Stumped

We had a lovely and dear friend from Virginia spend the night with us at Doright Manor on Friday. She and I stayed up late drinking wine and solving all the world’s problems, and I have to admit I had no time to ponder, let alone write, a blog post.

After our visitor left for further adventures along the coast on Saturday morning, I took a nap thinking perhaps a blog idea would come to my subconscious. Nope. When I awakened I noticed that Studly was out in his shop working on one of his motorcycles. I joined him, still hoping for some inspiration, but came up blank.

As I walked around the house, skirting hurricane debris, fallen leaves, and upended trees, trying my best to latch onto an idea, I finally came to the conclusion that I was stumped.

Completely and

utterly

stumped. Oh well. I’ll try again tomorrow.

Peace, people.

A History of Klutziness

Why is it that some folks are blessed with a natural grace and others, like me, are natural born klutzes? Is klutziness genetic? Or is it environmental? One thing’s for certain, klutziness is hazardous to one’s health.

I’ve fallen down stairs. I’ve fallen up stairs. I’ve slipped on wet bleachers and slid on my bottom from row eight all the way down to row one. I’ve fallen out of a bus and into the snow. In one week I slipped on ice two days in a row bruising my left knee on the first day and the right one on the second. I’ve fallen in various kitchens three or four times over the years. Is it any wonder I dislike cooking?

As a kid I fell out of bed on a regular basis, and I’ve exited a tree ass first on occasion. Once I was knocked into the middle of a Tilt-a-Whirl carnival ride when the car I was exiting swung around and sent me sprawling. I hit my head on one of the support bars hard enough to see stars circling alรก Sylvester the cat.
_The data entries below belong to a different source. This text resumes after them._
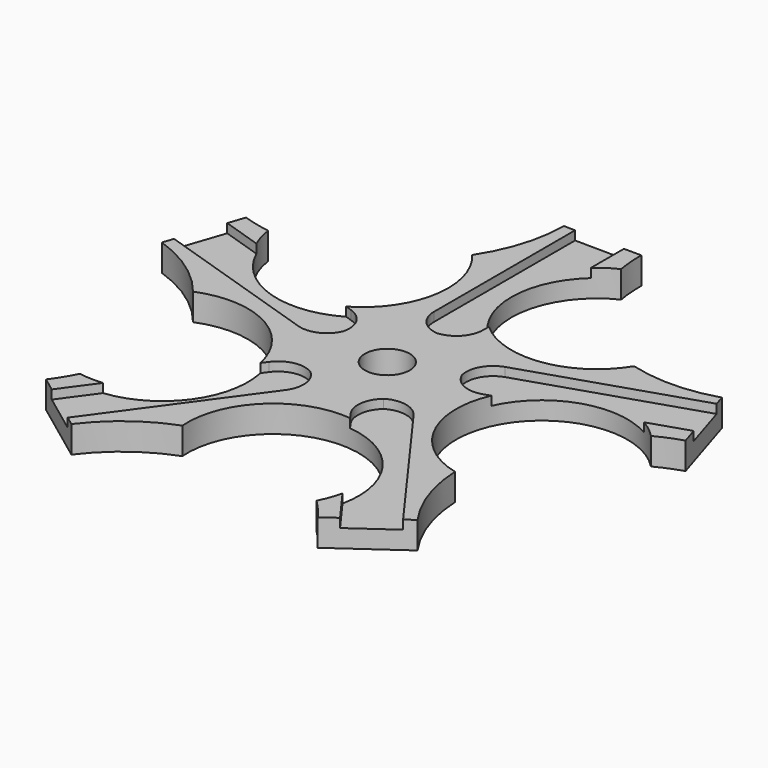
from build123d import *

# Parameters (mm, degrees)
F0_R        = 2.5
F1_DEPTH    = 3
F3_DEPTH    = 1
F4_T1_DEPTH = 1


# Not quite as in the source:
# - a fillet or chamfer that OpenCascade refuses, or shapes differently, is made with other operations: its cross-section is extruded or revolved along the edge and cut away or added


with BuildPart() as f1:
    # F0 (on Top) → F1 (new body)
    with BuildSketch(Plane.XY):
        with BuildLine():
            Line((42.1995138221, 67.0275468757), (33.4926469464, 67.1294207869))
            ThreePointArc((33.4926469464, 67.1294207869), (32.7404851321, 62.3046461892), (30.658157874, 57.8878475177))
            ThreePointArc((30.658157874, 57.8878475177), (27.294204133, 42.9798709067), (13.9152540739, 50.3668626301))
            ThreePointArc((13.9152540739, 50.3668626301), (12.375918121, 50.6607466073), (10.86986377, 51.0940170307))
            Line((10.86986377, 51.0940170307), (8.0824060906, 42.844775322))
            ThreePointArc((8.0824060906, 42.844775322), (12.4386086282, 40.6384895823), (15.9957592753, 37.2932128243))
            ThreePointArc((15.9957592753, 37.2932128243), (29.1345687017, 29.4870845738), (17.9747991522, 19.0456529188))
            ThreePointArc((17.9747991522, 19.0456529188), (17.2196179112, 17.6724725733), (16.3421568627, 16.3740176929))
            Line((16.3421568627, 16.3740176929), (23.3262801503, 11.1738320243))
            ThreePointArc((23.3262801503, 11.1738320243), (26.7707231948, 14.6350470461), (31.0514904559, 16.9843509793))
            ThreePointArc((31.0514904559, 16.9843509793), (42.5356749941, 27.0678750109), (49.017508165, 13.2277236335))
            ThreePointArc((49.017508165, 13.2277236335), (50.0901164433, 12.0851675302), (51.0538700425, 10.8494078578))
            Line((51.0538700425, 10.8494078578), (58.1577532953, 15.8847580755))
            ThreePointArc((58.1577532953, 15.8847580755), (55.9303336315, 20.230192341), (55.0188426496, 25.0274187796))
            ThreePointArc((55.0188426496, 25.0274187796), (48.977649601, 39.065507608), (64.1434123595, 40.9532553024))
            ThreePointArc((64.1434123595, 40.9532553024), (65.5615019731, 41.620297142), (67.0345955027, 42.1550105429))
            Line((67.0345955027, 42.1550105429), (64.4409135174, 50.4672137913))
            ThreePointArc((64.4409135174, 50.4672137913), (59.6198494134, 49.6916248415), (54.7757497452, 50.307169899))
            ThreePointArc((54.7757497452, 50.307169899), (39.5579025703, 48.8996619005), (42.4490262494, 63.9065055152))
            ThreePointArc((42.4490262494, 63.9065055152), (42.2528455514, 65.4613161473), (42.1995138221, 67.0275468757))
        make_face()
        with Locations((37.5, 37.5)):
            Circle(F0_R, mode=Mode.SUBTRACT)
    extrude(amount=F1_DEPTH)

    # F2 (on face) → F3 (cut)
    with BuildSketch(Plane.XY.offset(3)):
        Polygon((40.25, 67.1147092408), (34.75, 67.1147092408), (40.25, 67.0503569865), align=None)
        with BuildLine():
            Line((31.7569283434, 42.2575582148), (28.1635644564, 43.4251129174))
            ThreePointArc((28.1635644564, 43.4251129174), (20.4254111601, 42.6084822131), (14.6451171229, 47.8175227185))
            Line((14.6451171229, 47.8175227185), (10.2457371637, 49.2469679185))
            Line((10.2457371637, 49.2469679185), (8.4849410638, 44.0360430191))
            Line((8.4849410638, 44.0360430191), (30.0573348743, 37.0267473751))
            Line((30.0573348743, 37.0267473751), (31.7569283434, 42.2575582148))
        make_face()
        with BuildLine():
            Line((31.2005865164, 33.5081806175), (28.9797655003, 30.4514827223))
            ThreePointArc((28.9797655003, 30.4514827223), (27.3652065793, 22.8397088401), (20.6249055731, 18.9520045705))
            Line((20.6249055731, 18.9520045705), (17.9059392288, 15.2096684519))
            Line((17.9059392288, 15.2096684519), (22.3177073919, 11.9247874969))
            Line((22.3177073919, 11.9247874969), (35.6501799855, 30.2753617299))
            Line((35.6501799855, 30.2753617299), (31.2005865164, 33.5081806175))
        make_face()
        with BuildLine():
            Line((52.6444673021, 11.9768495643), (57.1318860772, 15.1576063845))
            Line((57.1318860772, 15.1576063845), (43.7994134836, 33.5081806175))
            Line((43.7994134836, 33.5081806175), (39.3498200145, 30.2753617299))
            Line((39.3498200145, 30.2753617299), (41.5706410307, 27.2186638347))
            ThreePointArc((41.5706410307, 27.2186638347), (48.3109420369, 23.3309595651), (49.9255009579, 15.7191856828))
            Line((49.9255009579, 15.7191856828), (52.6444673021, 11.9768495643))
        make_face()
        with BuildLine():
            Line((66.4538563054, 44.0161570789), (64.8154654671, 49.2668538587))
            Line((64.8154654671, 49.2668538587), (43.2430716566, 42.2575582148))
            Line((43.2430716566, 42.2575582148), (44.9426651257, 37.0267473751))
            Line((44.9426651257, 37.0267473751), (48.5360290127, 38.1943020778))
            ThreePointArc((48.5360290127, 38.1943020778), (54.3163230499, 43.4033425831), (62.0544763461, 42.5867118789))
            Line((62.0544763461, 42.5867118789), (66.4538563054, 44.0161570789))
        make_face()
        with BuildLine():
            Line((34.75, 44.4321520627), (37.5, 44.4321520627))
            Line((37.5, 44.4321520627), (40.25, 44.4321520627))
            Line((40.25, 44.4321520627), (40.25, 48.2104384478))
            ThreePointArc((40.25, 48.2104384478), (37.0821171737, 55.3175067985), (40.25, 62.4245751493))
            Line((40.25, 62.4245751493), (40.25, 67.0503569865))
            Line((40.25, 67.0503569865), (34.75, 67.1147092408))
            Line((34.75, 67.1147092408), (34.75, 44.4321520627))
        make_face()
    extrude(amount=-F3_DEPTH, mode=Mode.SUBTRACT)

    # F4: fillet of radius 3 on 10 edges, made by hand

    # F4_s2 → F4_t1 (join)
    with BuildSketch(Plane.XY.offset(2)):
        with BuildLine():
            ThreePointArc((37.25, 44.4321520627), (39.3713203436, 45.3108317191), (40.25, 47.4321520627))
            Line((40.25, 47.4321520627), (40.25, 44.4321520627))
            Line((40.25, 44.4321520627), (37.25, 44.4321520627))
        make_face()
        with BuildLine():
            ThreePointArc((34.75, 47.4321520627), (35.6286796564, 45.3108317191), (37.75, 44.4321520627))
            Line((37.75, 44.4321520627), (34.75, 44.4321520627))
            Line((34.75, 44.4321520627), (34.75, 47.4321520627))
        make_face()
        with BuildLine():
            ThreePointArc((30.8298773603, 39.4043886659), (30.6497273839, 41.6934111482), (28.9037587945, 43.1846091979))
            Line((28.9037587945, 43.1846091979), (31.7569283434, 42.2575582148))
            Line((31.7569283434, 42.2575582148), (30.8298773603, 39.4043886659))
        make_face()
        with BuildLine():
            ThreePointArc((27.2041653254, 37.9537983583), (29.4931878078, 38.1339483346), (30.9843858575, 39.879916924))
            Line((30.9843858575, 39.879916924), (30.0573348743, 37.0267473751))
            Line((30.0573348743, 37.0267473751), (27.2041653254, 37.9537983583))
        make_face()
        with BuildLine():
            ThreePointArc((33.6276374995, 31.7448248606), (31.3949783475, 32.2808388993), (29.4372307595, 31.0811296344))
            Line((29.4372307595, 31.0811296344), (31.2005865164, 33.5081806175))
            Line((31.2005865164, 33.5081806175), (33.6276374995, 31.7448248606))
        make_face()
        with BuildLine():
            ThreePointArc((33.8868242286, 27.8483107468), (34.4228382672, 30.0809698988), (33.2231290023, 32.0387174868))
            Line((33.2231290023, 32.0387174868), (35.6501799855, 30.2753617299))
            Line((35.6501799855, 30.2753617299), (33.8868242286, 27.8483107468))
        make_face()
        with BuildLine():
            ThreePointArc((41.1131757714, 27.8483107468), (40.5771617328, 30.0809698988), (41.7768709977, 32.0387174868))
            Line((41.7768709977, 32.0387174868), (39.3498200145, 30.2753617299))
            Line((39.3498200145, 30.2753617299), (41.1131757714, 27.8483107468))
        make_face()
        with BuildLine():
            ThreePointArc((45.5627692405, 31.0811296344), (43.6050216525, 32.2808388993), (41.3723625005, 31.7448248606))
            Line((41.3723625005, 31.7448248606), (43.7994134836, 33.5081806175))
            Line((43.7994134836, 33.5081806175), (45.5627692405, 31.0811296344))
        make_face()
        with BuildLine():
            ThreePointArc((44.0156141425, 39.879916924), (45.5068121922, 38.1339483346), (47.7958346746, 37.9537983583))
            Line((47.7958346746, 37.9537983583), (44.9426651257, 37.0267473751))
            Line((44.9426651257, 37.0267473751), (44.0156141425, 39.879916924))
        make_face()
        with BuildLine():
            ThreePointArc((46.0962412055, 43.1846091979), (44.3502726161, 41.6934111482), (44.1701226397, 39.4043886659))
            Line((44.1701226397, 39.4043886659), (43.2430716566, 42.2575582148))
            Line((43.2430716566, 42.2575582148), (46.0962412055, 43.1846091979))
        make_face()
    extrude(amount=F4_T1_DEPTH)


solid = f1.part

I’d like to think I’m resilient, that I take a licking and keep on ticking. The truth is, I’m so astonished that so far none of my escapades have led to injury or even death that I can only assume I’ve been living a charmed, yet clumsy life. It’s a good thing I’m not a cat. If I were I’d be all out of lives.

Peace, people.

Here’s another of my favorite klutzy scenes. I give you Ross and the leather pants from Friends.

https://youtu.be/MsDzkZk_NFI

An Accomplished Woman

If you’ve read my blog for more than a week you’ll immediately know that I am not the woman for whom this post was titled. I’m easily astonished, somewhat apprehensive, occasionally argumentative, and often admonished, but never accomplished.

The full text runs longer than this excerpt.